**Your instructions:** Below are the entries to work from; restate word for word the portion that opens with the line containing "line L15 (-76.75, -20) -> (-71.55, -20)" and closes with the line containing "line L20 (-120.5, -15.55) -> (-120.5, -20)", keeping both.

** Opening Records supplied block **

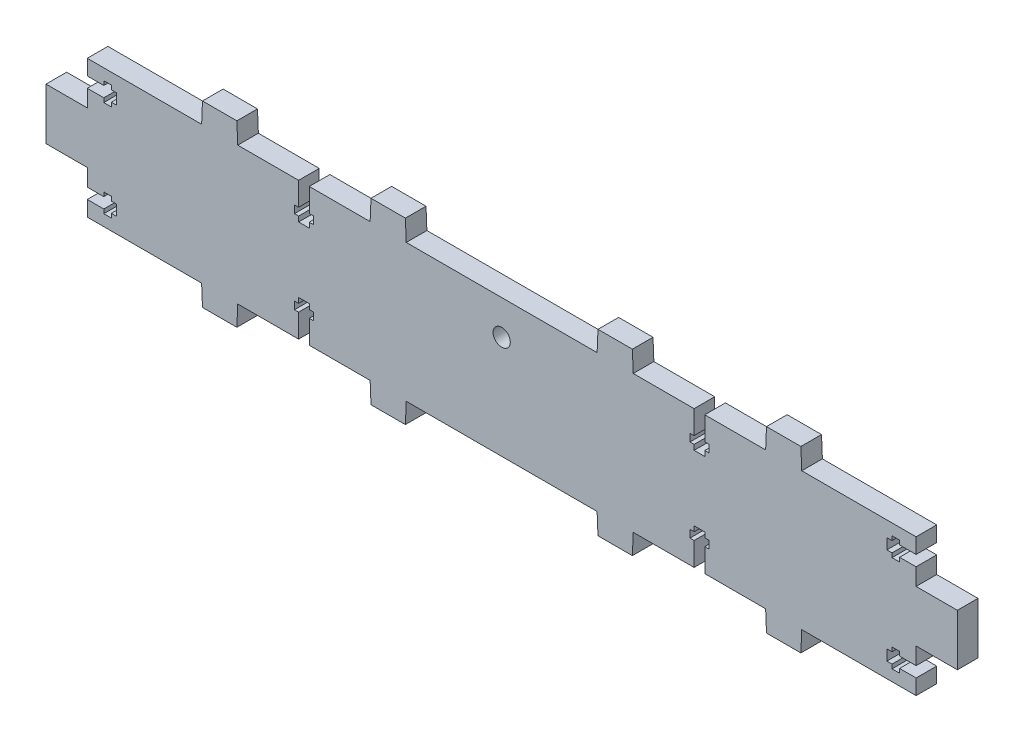
SolidWorks part; units mm, degrees
ref_plane "Front" through (0, 0, 0) normal (0, 0, 1) x (1, 0, 0)
ref_plane "Top" through (0, 0, 0) normal (0, 1, 0) x (1, 0, 0)
ref_plane "Right" through (0, 0, 0) normal (1, 0, 0) x (0, 0, -1)
sketch "Эскиз1" plane through (0, 0, 0) normal (0, 0, 1) x (1, 0, 0)
  line L0 (-28, -26) -> (-27.75, -20)
  line L1 (-38, -26) -> (-28, -26)
  line L2 (-38.25, -20) -> (-38, -26)
  line L3 (-43.45, -20) -> (-38.25, -20)
  line L4 (-55.95, -13.2) -> (-55.95, -20)
  line L5 (-54.75, -13.2) -> (-55.95, -13.2)
  line L6 (-54.75, -11) -> (-54.75, -13.2)
  line L7 (-55.95, -11) -> (-54.75, -11)
  line L8 (-55.95, -9.5) -> (-55.95, -11)
  line L9 (-59.05, -9.5) -> (-55.95, -9.5)
  line L10 (-59.05, -11) -> (-59.05, -9.5)
  line L11 (-60.25, -11) -> (-59.05, -11)
  line L12 (-60.25, -13.2) -> (-60.25, -11)
  line L13 (-59.05, -13.2) -> (-60.25, -13.2)
  line L14 (-59.05, -20) -> (-59.05, -13.2)
  line L15 (-76.75, -20) -> (-71.55, -20)
  line L16 (-77, -26) -> (-76.75, -20)
  line L17 (-87, -26) -> (-77, -26)
  line L18 (-87.25, -20) -> (-87, -26)
  line L19 (-120.5, -20) -> (-87.25, -20)
  line L20 (-120.5, -15.55) -> (-120.5, -20)
  line L21 (-115.7, -15.55) -> (-120.5, -15.55)
  line L22 (-115.7, -16.75) -> (-115.7, -15.55)
  line L23 (-113.5, -16.75) -> (-115.7, -16.75)
  line L24 (-113.5, -15.55) -> (-113.5, -16.75)
  line L25 (-112, -15.55) -> (-113.5, -15.55)
  line L26 (-112, -12.45) -> (-112, -15.55)
  line L27 (-113.5, -12.45) -> (-112, -12.45)
  line L28 (-113.5, -11.25) -> (-113.5, -12.45)
  line L29 (-115.7, -11.25) -> (-113.5, -11.25)
  line L30 (-115.7, -12.45) -> (-115.7, -11.25)
  line L31 (-120.5, -12.45) -> (-115.7, -12.45)
  line L32 (-132.5, -7.5) -> (-120.5, -7.5)
  line L33 (-132.5, 7.5) -> (-132.5, -7.5)
  line L34 (-120.5, 7.5) -> (-132.5, 7.5)
  line L35 (-120.5, 12.45) -> (-120.5, 7.5)
  line L36 (-115.7, 12.45) -> (-120.5, 12.45)
  line L37 (-115.7, 11.25) -> (-115.7, 12.45)
  line L38 (-113.5, 11.25) -> (-115.7, 11.25)
  line L39 (-113.5, 12.45) -> (-113.5, 11.25)
  line L40 (-112, 12.45) -> (-113.5, 12.45)
  line L41 (-112, 15.55) -> (-112, 12.45)
  line L42 (-113.5, 15.55) -> (-112, 15.55)
  line L43 (-113.5, 16.75) -> (-113.5, 15.55)
  line L44 (-115.7, 16.75) -> (-113.5, 16.75)
  line L45 (-115.7, 15.55) -> (-115.7, 16.75)
  line L46 (-120.5, 15.55) -> (-115.7, 15.55)
  line L47 (-120.5, 20) -> (-120.5, 15.55)
  line L48 (-87.25, 20) -> (-120.5, 20)
  line L49 (-87, 26) -> (-87.25, 20)
  line L50 (-77, 26) -> (-87, 26)
  line L51 (-76.75, 20) -> (-77, 26)
  line L52 (-71.55, 20) -> (-76.75, 20)
  line L53 (-59.05, 13.2) -> (-59.05, 20)
  line L54 (-60.25, 13.2) -> (-59.05, 13.2)
  line L55 (-60.25, 11) -> (-60.25, 13.2)
  line L56 (-59.05, 11) -> (-60.25, 11)
  line L57 (-59.05, 9.5) -> (-59.05, 11)
  line L58 (-55.95, 9.5) -> (-59.05, 9.5)
  line L59 (-55.95, 11) -> (-55.95, 9.5)
  line L60 (-54.75, 11) -> (-55.95, 11)
  line L61 (-54.75, 13.2) -> (-54.75, 11)
  line L62 (-55.95, 13.2) -> (-54.75, 13.2)
  line L63 (-55.95, 20) -> (-55.95, 13.2)
  line L64 (-38.25, 20) -> (-43.45, 20)
  line L65 (-38, 26) -> (-38.25, 20)
  line L66 (-28, 26) -> (-38, 26)
  line L67 (-27.75, 20) -> (-28, 26)
  line L68 (27.75, 20) -> (28, 26)
  line L69 (28, 26) -> (38, 26)
  line L70 (38, 26) -> (38.25, 20)
  line L71 (38.25, 20) -> (43.45, 20)
  line L72 (55.95, 20) -> (55.95, 13.2)
  line L73 (55.95, 13.2) -> (54.75, 13.2)
  line L74 (54.75, 13.2) -> (54.75, 11)
  line L75 (54.75, 11) -> (55.95, 11)
  line L76 (55.95, 11) -> (55.95, 9.5)
  line L77 (55.95, 9.5) -> (59.05, 9.5)
  line L78 (59.05, 9.5) -> (59.05, 11)
  line L79 (59.05, 11) -> (60.25, 11)
  line L80 (60.25, 11) -> (60.25, 13.2)
  line L81 (60.25, 13.2) -> (59.05, 13.2)
  line L82 (59.05, 13.2) -> (59.05, 20)
  line L83 (59.05, 20) -> (64.25, 20)
  line L84 (76.75, 20) -> (77, 26)
  line L85 (77, 26) -> (87, 26)
  line L86 (87, 26) -> (87.25, 20)
  line L87 (87.25, 20) -> (120.5, 20)
  line L88 (120.5, 20) -> (120.5, 15.55)
  line L89 (120.5, 15.55) -> (115.7, 15.55)
  line L90 (115.7, 15.55) -> (115.7, 16.75)
  line L91 (115.7, 16.75) -> (113.5, 16.75)
  line L92 (113.5, 16.75) -> (113.5, 15.55)
  line L93 (113.5, 15.55) -> (112, 15.55)
  line L94 (112, 15.55) -> (112, 12.45)
  line L95 (112, 12.45) -> (113.5, 12.45)
  line L96 (113.5, 12.45) -> (113.5, 11.25)
  line L97 (113.5, 11.25) -> (115.7, 11.25)
  line L98 (115.7, 11.25) -> (115.7, 12.45)
  line L99 (115.7, 12.45) -> (120.5, 12.45)
  line L100 (120.5, 12.45) -> (120.5, 7.5)
  line L101 (120.5, 7.5) -> (132.5, 7.5)
  line L102 (132.5, 7.5) -> (132.5, -7.5)
  line L103 (132.5, -7.5) -> (120.5, -7.5)
  line L104 (120.5, -12.45) -> (115.7, -12.45)
  line L105 (115.7, -12.45) -> (115.7, -11.25)
  line L106 (115.7, -11.25) -> (113.5, -11.25)
  line L107 (113.5, -11.25) -> (113.5, -12.45)
  line L108 (113.5, -12.45) -> (112, -12.45)
  line L109 (112, -12.45) -> (112, -15.55)
  line L110 (112, -15.55) -> (113.5, -15.55)
  line L111 (113.5, -15.55) -> (113.5, -16.75)
  line L112 (113.5, -16.75) -> (115.7, -16.75)
  line L113 (115.7, -16.75) -> (115.7, -15.55)
  line L114 (115.7, -15.55) -> (120.5, -15.55)
  line L115 (120.5, -15.55) -> (120.5, -20)
  line L116 (120.5, -20) -> (87.25, -20)
  line L117 (87.25, -20) -> (87, -26)
  line L118 (87, -26) -> (77, -26)
  line L119 (77, -26) -> (76.75, -20)
  line L120 (64.25, -20) -> (59.05, -20)
  line L121 (59.05, -20) -> (59.05, -13.2)
  line L122 (59.05, -13.2) -> (60.25, -13.2)
  line L123 (60.25, -13.2) -> (60.25, -11)
  line L124 (60.25, -11) -> (59.05, -11)
  line L125 (59.05, -11) -> (59.05, -9.5)
  line L126 (59.05, -9.5) -> (55.95, -9.5)
  line L127 (55.95, -9.5) -> (55.95, -11)
  line L128 (55.95, -11) -> (54.75, -11)
  line L129 (54.75, -11) -> (54.75, -13.2)
  line L130 (54.75, -13.2) -> (55.95, -13.2)
  line L131 (55.95, -13.2) -> (55.95, -20)
  line L132 (43.45, -20) -> (38.25, -20)
  line L133 (38.25, -20) -> (38, -26)
  line L134 (38, -26) -> (28, -26)
  line L135 (28, -26) -> (27.75, -20)
  line L136 (76.75, -20) -> (64.25, -20)
  line L137 (55.95, -20) -> (43.45, -20)
  line L138 (43.45, 20) -> (55.95, 20)
  line L139 (76.75, 20) -> (64.25, 20)
  line L140 (-43.45, -20) -> (-55.95, -20)
  line L141 (-71.55, -20) -> (-59.05, -20)
  line L142 (-43.45, 20) -> (-55.95, 20)
  line L143 (-59.05, 20) -> (-71.55, 20)
  line L144 (120.5, -12.45) -> (120.5, -7.5)
  line L145 (-120.5, -12.45) -> (-120.5, -7.5)
  line L146 (27.75, 20) -> (-27.75, 20)
  line L147 (27.75, -20) -> (-27.75, -20)
  circle A0 centre (0, 10) radius 2.5
extrude "Бобышка-Вытянуть1" add sketch "Эскиз1" along normal blind 6

** Closing Records supplied block **

**Final answer:**
  line L15 (-76.75, -20) -> (-71.55, -20)
  line L16 (-77, -26) -> (-76.75, -20)
  line L17 (-87, -26) -> (-77, -26)
  line L18 (-87.25, -20) -> (-87, -26)
  line L19 (-120.5, -20) -> (-87.25, -20)
  line L20 (-120.5, -15.55) -> (-120.5, -20)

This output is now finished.